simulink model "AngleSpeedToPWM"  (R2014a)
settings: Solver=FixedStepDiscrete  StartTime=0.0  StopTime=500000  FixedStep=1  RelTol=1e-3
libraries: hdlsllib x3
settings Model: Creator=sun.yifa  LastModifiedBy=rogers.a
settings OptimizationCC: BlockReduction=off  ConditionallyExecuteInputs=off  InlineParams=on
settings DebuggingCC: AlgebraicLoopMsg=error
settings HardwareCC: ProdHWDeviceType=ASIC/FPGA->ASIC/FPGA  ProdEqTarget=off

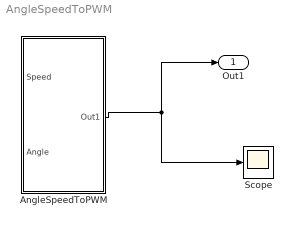
== system AngleSpeedToPWM ==
  "AngleSpeedToPWM " : Subsystem
  Scope : Scope
      settings: SaveName=ScopeData2
  Out1 : Outport  OutDataTypeStr=boolean
  wires:
  "AngleSpeedToPWM "/1(Out1) -> Scope/1, Out1/1

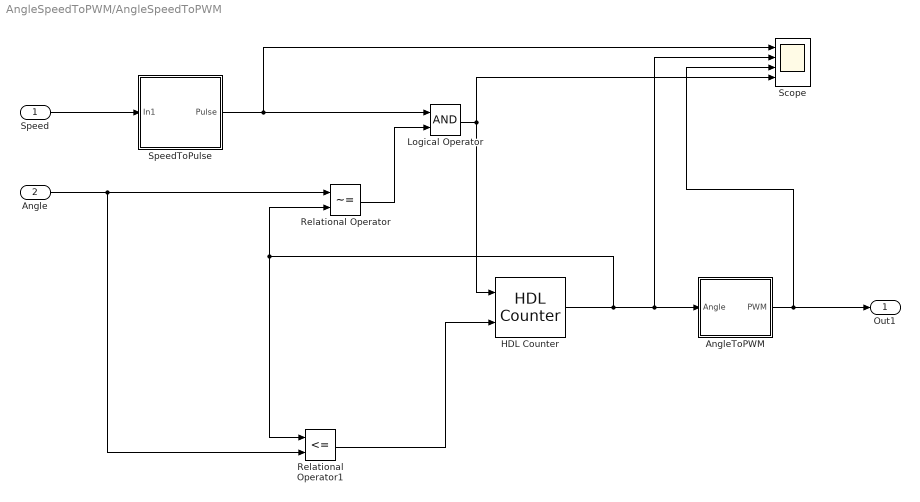
== system AngleSpeedToPWM/AngleSpeedToPWM  ==
  Speed : Inport
  Angle : Inport  Port=2
  "AngleToPWM " : Subsystem
  HDL Counter : hdlsllib/HDL Operations/HDL Counter  CountType=Count limited  CountInit=0  CountStep=1  CountMax=180  CountFromType=Specify  CountFrom=0  CountResetPort=off  CountLoadPort=off  CountEnbPort=on  CountDirPort=on  CountDataType=Unsigned  CountWordLen=8  CountFracLen=0  CountSampTime=1
  Logical Operator : Logic  AllPortsSameDT=off  OutDataTypeStr=boolean
  Relational Operator : RelationalOperator  Operator=~=  OutDataTypeStr=boolean
  Relational Operator1 : RelationalOperator  Operator=<=  OutDataTypeStr=boolean
  Scope : Scope  NumInputPorts=4
      settings: YMin=0~0~0~0  YMax=1~300~1~1
  SpeedToPulse : Subsystem
  Out1 : Outport  OutDataTypeStr=boolean
  wires:
  Speed/1 -> SpeedToPulse/1(In1)
  SpeedToPulse/1(Pulse) -> Logical Operator/1, Scope/1
  Angle/1 -> Relational Operator1/2, Relational Operator/1
  Relational Operator/1 -> Logical Operator/2
  Logical Operator/1 -> HDL Counter/1, Scope/4
  Relational Operator1/1 -> HDL Counter/2
  HDL Counter/1 -> Relational Operator/2, Relational Operator1/1, Scope/2, "AngleToPWM "/1("Angle ")
  "AngleToPWM "/1("PWM ") -> Out1/1, Scope/3

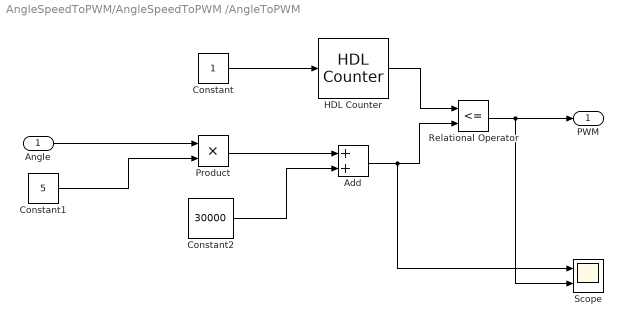
== system AngleSpeedToPWM/AngleSpeedToPWM /AngleToPWM  ==
  "Angle " : Inport  OutDataTypeStr=uint8
  Add : Sum
  Constant : Constant  OutDataTypeStr=boolean
  Constant1 : Constant  Value=5  OutDataTypeStr=uint32
  Constant2 : Constant  Value=30000  OutDataTypeStr=uint32
  HDL Counter : hdlsllib/HDL Operations/HDL Counter  CountType=Count limited  CountInit=0  CountStep=1  CountMax=10000  CountFromType=Initial value  CountFrom=0  CountResetPort=off  CountLoadPort=off  CountEnbPort=on  CountDirPort=off  CountDataType=Unsigned  CountWordLen=32  CountFracLen=0  CountSampTime=1
  Product : Product  OutDataTypeStr=Inherit: Inherit via back propagation  SaturateOnIntegerOverflow=on
  Relational Operator : RelationalOperator  Operator=<=  OutDataTypeStr=boolean
  Scope : Scope  NumInputPorts=2
      settings: YMin=45000~-5  YMax=45000~5
  "PWM " : Outport
  wires:
  HDL Counter/1 -> Relational Operator/1
  Constant2/1 -> Add/2
  Constant/1 -> HDL Counter/1
  Constant1/1 -> Product/2
  Product/1 -> Add/1
  "Angle "/1 -> Product/1
  Relational Operator/1 -> Scope/2, "PWM "/1
  Add/1 -> Scope/1, Relational Operator/2

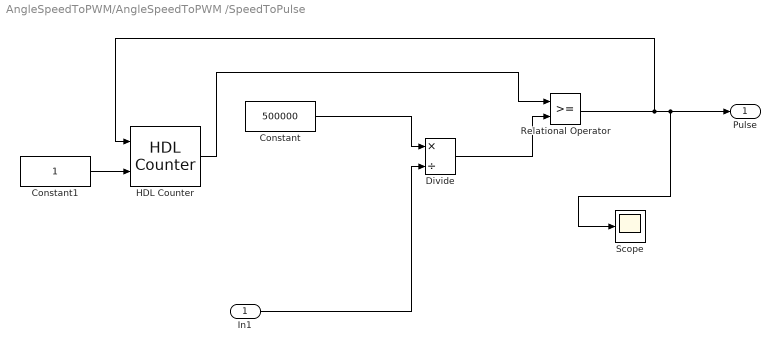
== system AngleSpeedToPWM/AngleSpeedToPWM /SpeedToPulse ==
  In1 : Inport
  Constant : Constant  Value=500000  OutDataTypeStr=int32
  Constant1 : Constant  OutDataTypeStr=boolean
  Divide : Product  Inputs=*/  SaturateOnIntegerOverflow=on  RndMeth=Zero
  HDL Counter : hdlsllib/HDL Operations/HDL Counter  CountType=Free running  CountInit=0  CountStep=1  CountMax=10000  CountFromType=Initial value  CountFrom=0  CountResetPort=on  CountLoadPort=off  CountEnbPort=on  CountDirPort=off  CountDataType=Unsigned  CountWordLen=32  CountFracLen=0  CountSampTime=1
  Relational Operator : RelationalOperator  OutDataTypeStr=boolean
  Scope : Scope
  Pulse : Outport
  wires:
  HDL Counter/1 -> Relational Operator/1
  Constant/1 -> Divide/1
  Divide/1 -> Relational Operator/2
  In1/1 -> Divide/2
  Relational Operator/1 -> Pulse/1, Scope/1, HDL Counter/1
  Constant1/1 -> HDL Counter/2
++++++++
**PROBLEM TO WORK ON**. Word for word, repeat each line of the records, and leave every image out.

**EXERCISE OUTPUT**.
simulink model "AngleSpeedToPWM"  (R2014a)
settings: Solver=FixedStepDiscrete  StartTime=0.0  StopTime=500000  FixedStep=1  RelTol=1e-3
libraries: hdlsllib x3
settings Model: Creator=sun.yifa  LastModifiedBy=rogers.a
settings OptimizationCC: BlockReduction=off  ConditionallyExecuteInputs=off  InlineParams=on
settings DebuggingCC: AlgebraicLoopMsg=error
settings HardwareCC: ProdHWDeviceType=ASIC/FPGA->ASIC/FPGA  ProdEqTarget=off

== system AngleSpeedToPWM ==
  "AngleSpeedToPWM " : Subsystem
  Scope : Scope
      settings: SaveName=ScopeData2
  Out1 : Outport  OutDataTypeStr=boolean
  wires:
  "AngleSpeedToPWM "/1(Out1) -> Scope/1, Out1/1

== system AngleSpeedToPWM/AngleSpeedToPWM  ==
  Speed : Inport
  Angle : Inport  Port=2
  "AngleToPWM " : Subsystem
  HDL Counter : hdlsllib/HDL Operations/HDL Counter  CountType=Count limited  CountInit=0  CountStep=1  CountMax=180  CountFromType=Specify  CountFrom=0  CountResetPort=off  CountLoadPort=off  CountEnbPort=on  CountDirPort=on  CountDataType=Unsigned  CountWordLen=8  CountFracLen=0  CountSampTime=1
  Logical Operator : Logic  AllPortsSameDT=off  OutDataTypeStr=boolean
  Relational Operator : RelationalOperator  Operator=~=  OutDataTypeStr=boolean
  Relational Operator1 : RelationalOperator  Operator=<=  OutDataTypeStr=boolean
  Scope : Scope  NumInputPorts=4
      settings: YMin=0~0~0~0  YMax=1~300~1~1
  SpeedToPulse : Subsystem
  Out1 : Outport  OutDataTypeStr=boolean
  wires:
  Speed/1 -> SpeedToPulse/1(In1)
  SpeedToPulse/1(Pulse) -> Logical Operator/1, Scope/1
  Angle/1 -> Relational Operator1/2, Relational Operator/1
  Relational Operator/1 -> Logical Operator/2
  Logical Operator/1 -> HDL Counter/1, Scope/4
  Relational Operator1/1 -> HDL Counter/2
  HDL Counter/1 -> Relational Operator/2, Relational Operator1/1, Scope/2, "AngleToPWM "/1("Angle ")
  "AngleToPWM "/1("PWM ") -> Out1/1, Scope/3

== system AngleSpeedToPWM/AngleSpeedToPWM /AngleToPWM  ==
  "Angle " : Inport  OutDataTypeStr=uint8
  Add : Sum
  Constant : Constant  OutDataTypeStr=boolean
  Constant1 : Constant  Value=5  OutDataTypeStr=uint32
  Constant2 : Constant  Value=30000  OutDataTypeStr=uint32
  HDL Counter : hdlsllib/HDL Operations/HDL Counter  CountType=Count limited  CountInit=0  CountStep=1  CountMax=10000  CountFromType=Initial value  CountFrom=0  CountResetPort=off  CountLoadPort=off  CountEnbPort=on  CountDirPort=off  CountDataType=Unsigned  CountWordLen=32  CountFracLen=0  CountSampTime=1
  Product : Product  OutDataTypeStr=Inherit: Inherit via back propagation  SaturateOnIntegerOverflow=on
  Relational Operator : RelationalOperator  Operator=<=  OutDataTypeStr=boolean
  Scope : Scope  NumInputPorts=2
      settings: YMin=45000~-5  YMax=45000~5
  "PWM " : Outport
  wires:
  HDL Counter/1 -> Relational Operator/1
  Constant2/1 -> Add/2
  Constant/1 -> HDL Counter/1
  Constant1/1 -> Product/2
  Product/1 -> Add/1
  "Angle "/1 -> Product/1
  Relational Operator/1 -> Scope/2, "PWM "/1
  Add/1 -> Scope/1, Relational Operator/2

== system AngleSpeedToPWM/AngleSpeedToPWM /SpeedToPulse ==
  In1 : Inport
  Constant : Constant  Value=500000  OutDataTypeStr=int32
  Constant1 : Constant  OutDataTypeStr=boolean
  Divide : Product  Inputs=*/  SaturateOnIntegerOverflow=on  RndMeth=Zero
  HDL Counter : hdlsllib/HDL Operations/HDL Counter  CountType=Free running  CountInit=0  CountStep=1  CountMax=10000  CountFromType=Initial value  CountFrom=0  CountResetPort=on  CountLoadPort=off  CountEnbPort=on  CountDirPort=off  CountDataType=Unsigned  CountWordLen=32  CountFracLen=0  CountSampTime=1
  Relational Operator : RelationalOperator  OutDataTypeStr=boolean
  Scope : Scope
  Pulse : Outport
  wires:
  HDL Counter/1 -> Relational Operator/1
  Constant/1 -> Divide/1
  Divide/1 -> Relational Operator/2
  In1/1 -> Divide/2
  Relational Operator/1 -> Pulse/1, Scope/1, HDL Counter/1
  Constant1/1 -> HDL Counter/2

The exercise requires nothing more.